Tiny Veins

red bandaidThis weekend I went to the doctor for my annual physical.  I dread going for my physical because I am cursed with teeny, tiny veins.  Let me explain. Every year, without fail, the nurse or technician who is assigned to draw my blood cannot find my veins.  My veins are really tiny and so I have been told I am a “tough stick”.”  Last year, 2 different nurses tried to draw my blood and in the end, they had to call the doctor in who in turn used the sphygmomanometer (blood pressure meter) to pump up my arm to get my veins to pop out.
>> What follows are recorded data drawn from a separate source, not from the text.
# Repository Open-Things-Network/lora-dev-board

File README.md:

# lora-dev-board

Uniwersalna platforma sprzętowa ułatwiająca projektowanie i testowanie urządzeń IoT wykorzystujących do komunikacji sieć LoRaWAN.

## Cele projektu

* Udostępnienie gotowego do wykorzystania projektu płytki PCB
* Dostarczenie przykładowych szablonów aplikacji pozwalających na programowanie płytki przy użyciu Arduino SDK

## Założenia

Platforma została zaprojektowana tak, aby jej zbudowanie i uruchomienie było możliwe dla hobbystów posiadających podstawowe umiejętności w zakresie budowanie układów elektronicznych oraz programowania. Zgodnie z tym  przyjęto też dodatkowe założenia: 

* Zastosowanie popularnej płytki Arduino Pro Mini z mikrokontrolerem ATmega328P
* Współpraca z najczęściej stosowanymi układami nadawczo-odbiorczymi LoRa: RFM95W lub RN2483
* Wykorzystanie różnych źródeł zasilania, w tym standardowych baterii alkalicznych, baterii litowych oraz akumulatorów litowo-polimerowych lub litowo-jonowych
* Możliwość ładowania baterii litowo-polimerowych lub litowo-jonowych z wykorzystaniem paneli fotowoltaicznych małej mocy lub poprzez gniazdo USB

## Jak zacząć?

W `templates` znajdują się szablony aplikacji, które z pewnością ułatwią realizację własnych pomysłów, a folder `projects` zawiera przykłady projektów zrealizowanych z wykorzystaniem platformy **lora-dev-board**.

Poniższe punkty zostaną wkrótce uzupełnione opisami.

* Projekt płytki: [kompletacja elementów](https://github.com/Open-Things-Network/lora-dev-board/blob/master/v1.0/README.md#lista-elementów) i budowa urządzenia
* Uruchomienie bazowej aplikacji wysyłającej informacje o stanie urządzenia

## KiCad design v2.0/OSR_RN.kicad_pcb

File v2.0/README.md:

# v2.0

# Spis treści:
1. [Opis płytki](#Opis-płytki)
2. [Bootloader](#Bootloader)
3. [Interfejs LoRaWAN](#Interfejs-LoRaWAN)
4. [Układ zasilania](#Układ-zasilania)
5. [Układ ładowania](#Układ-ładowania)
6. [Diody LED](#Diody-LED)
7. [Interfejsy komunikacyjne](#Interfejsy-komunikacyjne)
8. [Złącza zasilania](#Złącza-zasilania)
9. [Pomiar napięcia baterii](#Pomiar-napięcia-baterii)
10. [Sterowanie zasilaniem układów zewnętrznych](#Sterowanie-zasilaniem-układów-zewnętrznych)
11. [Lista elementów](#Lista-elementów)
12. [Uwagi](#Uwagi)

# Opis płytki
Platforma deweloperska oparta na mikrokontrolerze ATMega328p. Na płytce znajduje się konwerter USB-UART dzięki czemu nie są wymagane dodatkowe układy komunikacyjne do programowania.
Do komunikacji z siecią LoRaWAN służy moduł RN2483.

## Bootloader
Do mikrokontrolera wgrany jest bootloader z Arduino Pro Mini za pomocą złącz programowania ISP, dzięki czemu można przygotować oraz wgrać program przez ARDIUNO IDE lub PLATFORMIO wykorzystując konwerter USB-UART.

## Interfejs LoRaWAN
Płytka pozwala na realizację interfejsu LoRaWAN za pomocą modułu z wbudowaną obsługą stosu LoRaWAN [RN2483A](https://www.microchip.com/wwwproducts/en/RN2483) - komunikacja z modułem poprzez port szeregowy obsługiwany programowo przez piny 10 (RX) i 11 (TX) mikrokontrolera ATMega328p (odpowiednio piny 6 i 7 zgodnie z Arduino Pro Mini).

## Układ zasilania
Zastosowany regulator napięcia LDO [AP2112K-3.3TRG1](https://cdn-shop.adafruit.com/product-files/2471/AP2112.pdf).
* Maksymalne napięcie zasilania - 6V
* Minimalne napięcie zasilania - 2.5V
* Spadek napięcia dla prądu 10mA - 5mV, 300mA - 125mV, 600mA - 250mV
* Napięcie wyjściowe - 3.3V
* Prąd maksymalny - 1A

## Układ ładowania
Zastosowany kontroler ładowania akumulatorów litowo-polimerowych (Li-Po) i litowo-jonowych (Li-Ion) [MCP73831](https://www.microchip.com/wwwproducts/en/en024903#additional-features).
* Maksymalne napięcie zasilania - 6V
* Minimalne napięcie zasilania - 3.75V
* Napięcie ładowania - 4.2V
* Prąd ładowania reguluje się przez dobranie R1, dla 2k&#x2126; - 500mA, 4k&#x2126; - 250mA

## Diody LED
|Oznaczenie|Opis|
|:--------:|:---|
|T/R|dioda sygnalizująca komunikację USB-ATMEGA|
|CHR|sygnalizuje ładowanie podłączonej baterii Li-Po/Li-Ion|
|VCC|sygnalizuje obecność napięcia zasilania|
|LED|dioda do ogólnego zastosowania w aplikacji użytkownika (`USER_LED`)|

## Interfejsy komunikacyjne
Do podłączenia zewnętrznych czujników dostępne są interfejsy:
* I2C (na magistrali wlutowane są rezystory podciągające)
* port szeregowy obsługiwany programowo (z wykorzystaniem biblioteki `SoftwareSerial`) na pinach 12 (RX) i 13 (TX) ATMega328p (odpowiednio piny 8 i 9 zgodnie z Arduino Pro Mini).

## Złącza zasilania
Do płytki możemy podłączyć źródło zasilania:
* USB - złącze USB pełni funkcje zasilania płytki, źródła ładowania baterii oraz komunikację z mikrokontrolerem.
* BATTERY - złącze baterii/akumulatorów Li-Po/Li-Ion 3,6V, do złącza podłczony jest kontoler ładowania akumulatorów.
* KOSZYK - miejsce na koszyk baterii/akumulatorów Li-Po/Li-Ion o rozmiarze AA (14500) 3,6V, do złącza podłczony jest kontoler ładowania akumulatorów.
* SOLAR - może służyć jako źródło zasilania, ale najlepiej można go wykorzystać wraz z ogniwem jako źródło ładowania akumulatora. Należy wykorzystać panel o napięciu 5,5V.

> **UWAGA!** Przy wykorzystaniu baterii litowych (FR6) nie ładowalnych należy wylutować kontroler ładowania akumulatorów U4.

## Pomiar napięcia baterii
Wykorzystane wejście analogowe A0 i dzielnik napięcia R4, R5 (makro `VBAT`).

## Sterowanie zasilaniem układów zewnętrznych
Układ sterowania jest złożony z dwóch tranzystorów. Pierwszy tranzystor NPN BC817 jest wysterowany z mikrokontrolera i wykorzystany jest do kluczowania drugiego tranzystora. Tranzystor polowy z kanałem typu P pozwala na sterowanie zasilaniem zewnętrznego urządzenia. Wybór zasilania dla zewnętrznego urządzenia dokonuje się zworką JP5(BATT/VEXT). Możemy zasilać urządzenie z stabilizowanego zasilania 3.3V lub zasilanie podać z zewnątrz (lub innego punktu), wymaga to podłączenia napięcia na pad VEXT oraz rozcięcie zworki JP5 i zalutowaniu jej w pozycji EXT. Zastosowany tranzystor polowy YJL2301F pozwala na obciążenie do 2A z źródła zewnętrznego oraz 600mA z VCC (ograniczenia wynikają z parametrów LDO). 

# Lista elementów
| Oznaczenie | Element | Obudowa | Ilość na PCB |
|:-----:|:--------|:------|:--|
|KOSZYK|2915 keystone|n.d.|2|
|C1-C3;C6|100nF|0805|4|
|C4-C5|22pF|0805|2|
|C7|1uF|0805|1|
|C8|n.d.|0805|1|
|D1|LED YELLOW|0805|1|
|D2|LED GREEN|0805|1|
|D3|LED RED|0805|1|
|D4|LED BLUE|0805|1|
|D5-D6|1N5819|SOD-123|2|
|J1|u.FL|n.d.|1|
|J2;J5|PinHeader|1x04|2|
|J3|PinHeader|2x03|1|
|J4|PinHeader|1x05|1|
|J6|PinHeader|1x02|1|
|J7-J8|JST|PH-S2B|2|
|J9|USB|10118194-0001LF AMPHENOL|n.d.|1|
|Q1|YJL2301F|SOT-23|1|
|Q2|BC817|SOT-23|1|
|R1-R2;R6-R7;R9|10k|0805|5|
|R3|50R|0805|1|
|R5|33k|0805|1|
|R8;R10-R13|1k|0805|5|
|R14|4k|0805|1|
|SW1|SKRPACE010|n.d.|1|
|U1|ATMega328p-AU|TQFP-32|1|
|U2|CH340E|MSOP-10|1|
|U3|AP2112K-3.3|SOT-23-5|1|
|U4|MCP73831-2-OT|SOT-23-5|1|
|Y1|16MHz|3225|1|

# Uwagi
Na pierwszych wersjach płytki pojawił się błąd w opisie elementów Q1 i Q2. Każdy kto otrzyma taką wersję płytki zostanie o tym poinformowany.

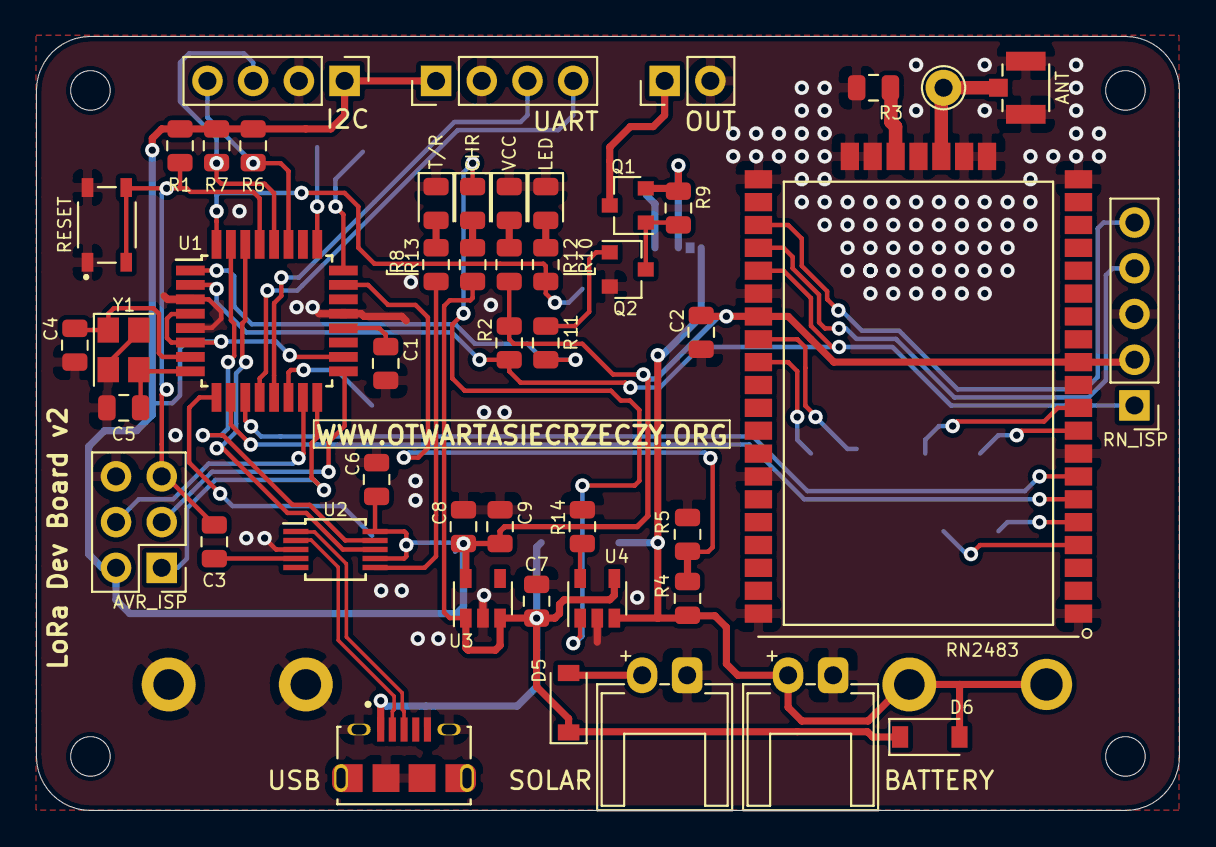
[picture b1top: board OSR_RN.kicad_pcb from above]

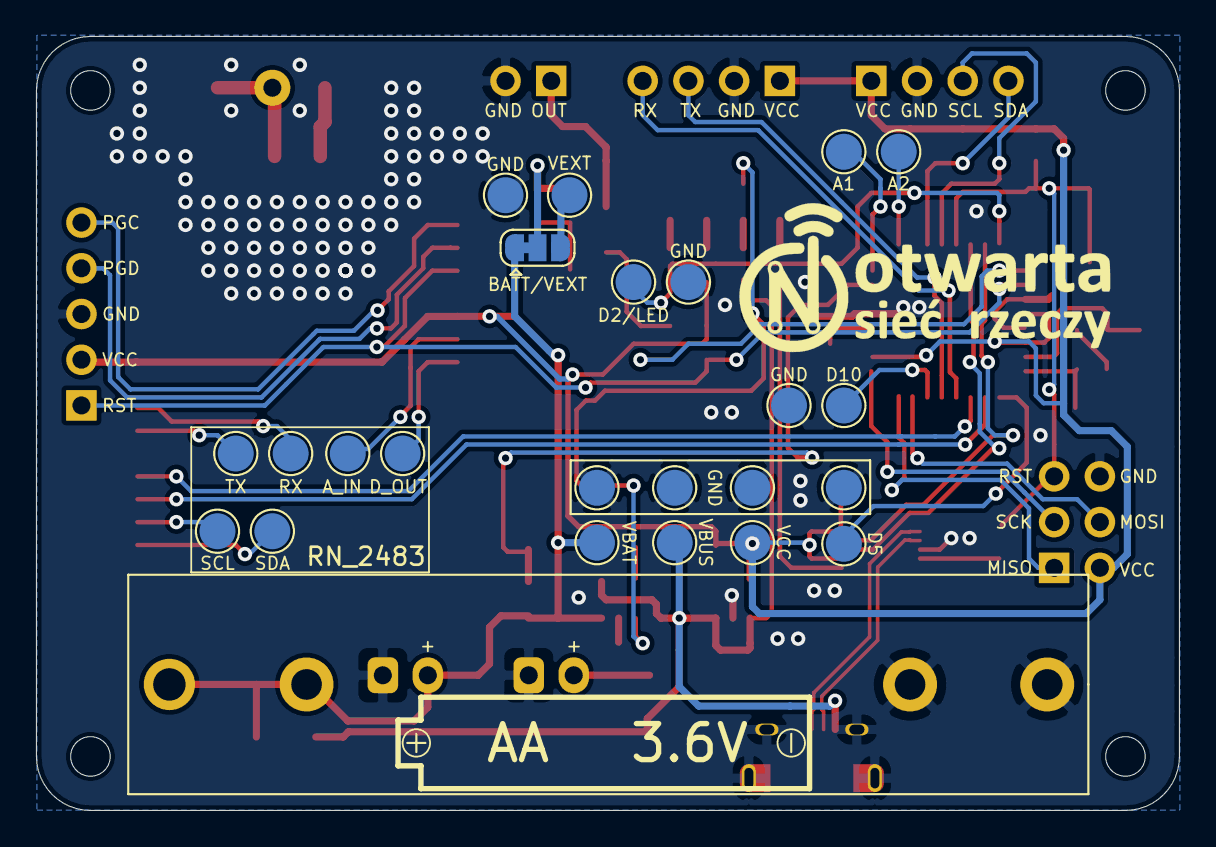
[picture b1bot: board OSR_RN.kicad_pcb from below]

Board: 2 copper layers, 63.5 x 43.0 mm, 76 parts (24 on the bottom side), 53 nets.

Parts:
A1: A1; TestPoint_Pad_D2.0mm
A2: A2; TestPoint_Pad_D2.0mm
ANT: U.FL; HRS_U.FL-R-SMT-1(10)
AVR_ISP: ISP_ATM; PinHeader_2x03_P2.54mm_Vertical
A_IN: A_IN; TestPoint_Pad_D2.0mm
BATTERY: BAT1; XH-2AW
BT1: KOSZYK; 2915_keystone
C1, C2, C3, C6: 100nF; C_0805_2012Metric
C4, C5: 22pF; C_0805_2012Metric
C7, C9: 1uF; C_0805_2012Metric
C8: NC 0805; C_0805_2012Metric
CHR: YELLOW; LED_0805_2012Metric
D2/LED: LED; TestPoint_Pad_D2.0mm
D5: D5; TestPoint_Pad_D2.0mm
D5#2, D6: 1N5819; D_SOD-123
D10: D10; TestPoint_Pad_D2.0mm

This year, I told the nurse up front that I have tiny veins and thus, drawing blood can be difficult.  I explained to her how it went down last year stressing that if she was not highly skilled, she should pass.   She heeded my warning and said that she would summon another nurse to come do the task.   In comes nurse number 2.  I again warn her and let her know what the situation is.  She states that she understands and starts to examine my veins.  First she attempts the left arm.  Realizing that the left arm was not the best, she moved over to the right arm.  She makes her first attempt which was a failure.  Band-aid number one is applied.

She then moves on to my right hand.  She checks the veins near my wrist, and on the back of my hand decides she’s going to draw from the back of my hand.  Boy did that hurt!  Unfortunately, her second attempt was not successful.  On goes band-aid number 2.  At this point, she moves back to the left arm.  She tells me she is going to try one more time.  She makes attempt # 3.  Failed again.  At this point, she realizes that she is not going to win this battle and she summons the doctor.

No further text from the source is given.